The big reason I wonder is that I've got a 10 watt 10K on my 5 gallon, and was hoping to get a candy cane, which is a low-medium light coral and was promptly told that I did not have enough light, then was told by people who have them in 5 gallon tanks that they do wonderfully with two 9 watt bulbs, one/blue one 10K. >_> Plus I've seen it said on some forums that a coral will starve(unless overfed) in a tank with only blue light on it. Nice and confusing, or does the blue light have usable light that really makes that difference even when it is only a small ammount more?


----------



## trenac (Jul 16, 2004)

Corals do use the blue spectrum of light, like what is in actinic blue bulbs or 10K (or higher) bulbs. The Candy cane will do good under 2wpg, but they do even better under higher lighting. You might want to give shrooms a try, since they do very well in lower light.


----------



## Gilraen Took (Apr 19, 2007)

Yeah, I'm getting a shroom or two for it as well, once the site that I like gets the variety I used to have in again(once every few months) but had also just wanted something different as a centerpiece. Though I may just get another rock and stick the shrooms to it. Hm. 

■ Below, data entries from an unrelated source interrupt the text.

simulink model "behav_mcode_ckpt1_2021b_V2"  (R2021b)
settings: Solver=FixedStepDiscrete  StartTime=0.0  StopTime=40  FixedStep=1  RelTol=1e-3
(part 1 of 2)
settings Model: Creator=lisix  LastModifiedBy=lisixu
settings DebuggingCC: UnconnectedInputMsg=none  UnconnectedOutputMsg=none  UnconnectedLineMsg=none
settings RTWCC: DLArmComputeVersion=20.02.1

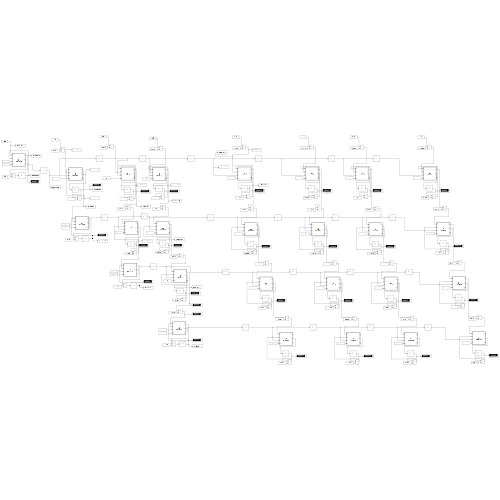
[thumbnail: Simulink's stored preview of the top-level diagram]
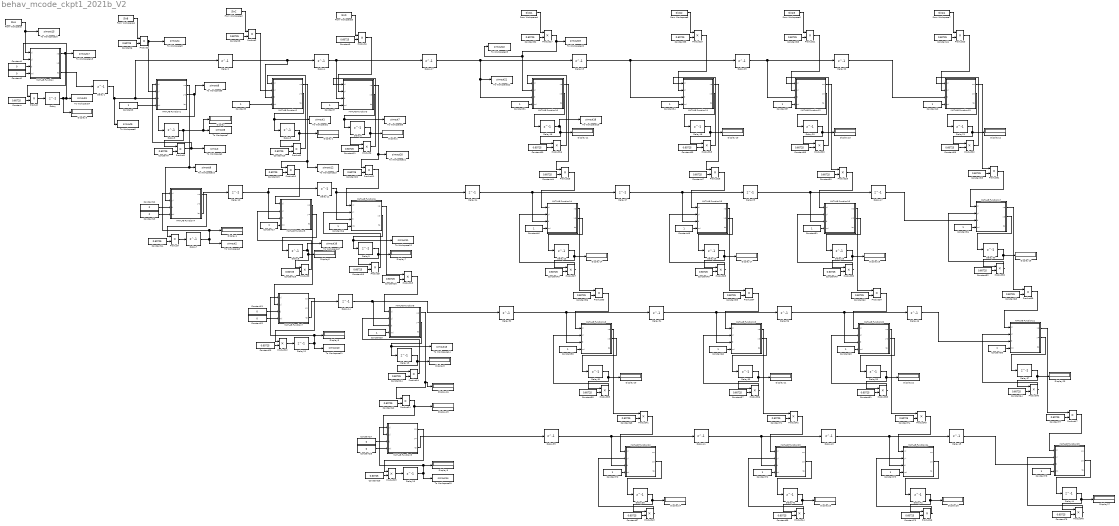
== system behav_mcode_ckpt1_2021b_V2 ==
  Constant{,4,6,8..11,14..15,18..20,23..24,26,29..30,32..33,35..36,38..39,41..45,47,49..50,52..53,55..57,59,61..62,64..65,67..69,71,73..74,76..77} (49 alike) : Constant  Value=0.60725
  Constant{1..2,12..13,21..22,27..28} (8 alike) : Constant  Value=0
  Constant{3,5,7,16..17,25,31,34,37,40,46,48,51,54,58,60,63,66,70,72,75,78} (22 alike) : Constant
  Delay{,1..47} (48 alike) : Delay  DelayLength=1  InitialCondition=0
  Display{,1..27} (28 alike) : Display
  From Workspace : FromWorkspace  VariableName=SlxA  OutputAfterFinalValue=Setting to zero
  From Workspace1 : FromWorkspace  VariableName=SlxB  OutputAfterFinalValue=Setting to zero
  From Workspace2 : FromWorkspace  VariableName=SlxC  OutputAfterFinalValue=Setting to zero
  From Workspace3 : FromWorkspace  VariableName=SlxD  OutputAfterFinalValue=Setting to zero
  From Workspace4 : FromWorkspace  VariableName=SlxQ1  OutputAfterFinalValue=Setting to zero
  From Workspace5 : FromWorkspace  VariableName=SlxQ2  OutputAfterFinalValue=Setting to zero
  From Workspace6 : FromWorkspace  VariableName=SlxQ3  OutputAfterFinalValue=Setting to zero
  From Workspace7 : FromWorkspace  VariableName=SlxQ4  OutputAfterFinalValue=Setting to zero
  MATLAB Function : MATLAB Function  TreatAsAtomicUnit=on
  MATLAB Function1 : MATLAB Function  TreatAsAtomicUnit=on
  MATLAB Function10 : MATLAB Function  TreatAsAtomicUnit=on
  MATLAB Function11 : MATLAB Function  TreatAsAtomicUnit=on
  MATLAB Function12 : MATLAB Function  TreatAsAtomicUnit=on
  MATLAB Function13 : MATLAB Function  TreatAsAtomicUnit=on
  MATLAB Function14 : MATLAB Function  TreatAsAtomicUnit=on
  MATLAB Function15 : MATLAB Function  TreatAsAtomicUnit=on
  MATLAB Function16 : MATLAB Function  TreatAsAtomicUnit=on
  MATLAB Function17 : MATLAB Function  TreatAsAtomicUnit=on
  MATLAB Function18 : MATLAB Function  TreatAsAtomicUnit=on
  MATLAB Function19 : MATLAB Function  TreatAsAtomicUnit=on
  MATLAB Function2 : MATLAB Function  TreatAsAtomicUnit=on
  MATLAB Function20 : MATLAB Function  TreatAsAtomicUnit=on
  MATLAB Function21 : MATLAB Function  TreatAsAtomicUnit=on
  MATLAB Function22 : MATLAB Function  TreatAsAtomicUnit=on
  MATLAB Function23 : MATLAB Function  TreatAsAtomicUnit=on
  MATLAB Function24 : MATLAB Function  TreatAsAtomicUnit=on
  MATLAB Function25 : MATLAB Function  TreatAsAtomicUnit=on
  MATLAB Function3 : MATLAB Function  TreatAsAtomicUnit=on
  MATLAB Function4 : MATLAB Function  TreatAsAtomicUnit=on
  MATLAB Function5 : MATLAB Function  TreatAsAtomicUnit=on
  MATLAB Function6 : MATLAB Function  TreatAsAtomicUnit=on
  MATLAB Function7 : MATLAB Function  TreatAsAtomicUnit=on
  MATLAB Function8 : MATLAB Function  TreatAsAtomicUnit=on
  MATLAB Function9 : MATLAB Function  TreatAsAtomicUnit=on
  Product{,1..48} (49 alike) : Product
  To Workspace1 : ToWorkspace  VariableName=simout1  SaveFormat=Timeseries  SampleTime=-1
  To Workspace10 : ToWorkspace  VariableName=simout9  SaveFormat=Timeseries  SampleTime=-1
  To Workspace11 : ToWorkspace  VariableName=simout10  SaveFormat=Timeseries  SampleTime=-1
  To Workspace12 : ToWorkspace  VariableName=simout11  SaveFormat=Timeseries  SampleTime=-1
  To Workspace13 : ToWorkspace  VariableName=simout12  SaveFormat=Timeseries  SampleTime=-1
  To Workspace14 : ToWorkspace  VariableName=simout13  SaveFormat=Timeseries  SampleTime=-1
  To Workspace15 : ToWorkspace  VariableName=simout14  SaveFormat=Timeseries  SampleTime=-1
  To Workspace16 : ToWorkspace  VariableName=simout15  SaveFormat=Timeseries  SampleTime=-1
  To Workspace17 : ToWorkspace  VariableName=simout16  SaveFormat=Timeseries  SampleTime=-1
  To Workspace18 : ToWorkspace  VariableName=simout17  SaveFormat=Timeseries  SampleTime=-1
  To Workspace19 : ToWorkspace  VariableName=simout18  SaveFormat=Timeseries  SampleTime=-1
  To Workspace2 : ToWorkspace  VariableName=simout  SaveFormat=Timeseries  SampleTime=-1
  To Workspace20 : ToWorkspace  VariableName=simout19  SaveFormat=Timeseries  SampleTime=-1
  To Workspace21 : ToWorkspace  VariableName=simout20  SaveFormat=Timeseries  SampleTime=-1
  To Workspace22 : ToWorkspace  VariableName=simout21  SaveFormat=Timeseries  SampleTime=-1
  To Workspace23 : ToWorkspace  VariableName=simout22  SaveFormat=Timeseries  SampleTime=-1
  To Workspace3 : ToWorkspace  VariableName=simout2  SaveFormat=Timeseries  SampleTime=-1
  To Workspace4 : ToWorkspace  VariableName=simout3  SaveFormat=Timeseries  SampleTime=-1
  To Workspace5 : ToWorkspace  VariableName=simout4  SaveFormat=Timeseries  SampleTime=-1
  To Workspace6 : ToWorkspace  VariableName=simout5  SaveFormat=Timeseries  SampleTime=-1
  To Workspace7 : ToWorkspace  VariableName=simout6  SaveFormat=Timeseries  SampleTime=-1
  To Workspace8 : ToWorkspace  VariableName=simout7  SaveFormat=Timeseries  SampleTime=-1
  To Workspace9 : ToWorkspace  VariableName=simout8  SaveFormat=Timeseries  SampleTime=-1
  wires:
  MATLAB Function/1(xo) -> To Workspace18/1, Product/1
  Product/1 -> Delay/1
  Delay/1 -> Display3/1, MATLAB Function/2(yi), To Workspace4/1
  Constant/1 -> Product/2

On the other hand I did have a really nice ricordea in the 20, but it turned to mush when I was getting the other tank set up. Which bites, since I'd had it forever.


----------



## bencozzy (Jun 2, 2006)

lumens per sq. inche for your reef tank

heres the rules

low-med; ~50- lumen per sq. inche
high is ~80+

simple and easy to follow, no confusion about it.

and as far as lighting options for 10K 20K actinics and so on it all personally choice on what looks good to you. personally ive used the GE 9325K bulbs over my reefs with great results, a little on the pink side but a actinic balances it out well.

side note- as with planted tanks the wpg rule doesnt take into account tank dimensions or depths.

side note2- corals have auxilary pigments to help use blue light if given only blue light it might not be enough for a given coral, as corals have individual differences in their pigmentation.

HTH
ben


----------



## JanS (Apr 14, 2004)

In my experience with the Candy Canes, they do much better the lower in the tank I put them, so with 2 wpg, they may do just fine if you put them a little higher in the tank. With 4 wpg, I have my CC's on the floor and they are doing great. 

Ben, I didn't realize that the 9325's would be good for SW. I'm glad to hear that since I really like the looks of the light myself.


----------



## trenac (Jul 16, 2004)

That's interesting, Jan. My cane never did really well until I put it directly under my MH lights.


----------



## bencozzy (Jun 2, 2006)

i had my cane and blasto merletti under 355W of flourescent and they showed marked improvements in color being about mid to upper level. oh the tank was a 20g long.

i like the 9325K, they are cheap and work great i had one PC and i had 3 NO running on a vho e-ballast. they seem to work fine being overdriven as well unlike some of the more expensive NO flourescents.


----------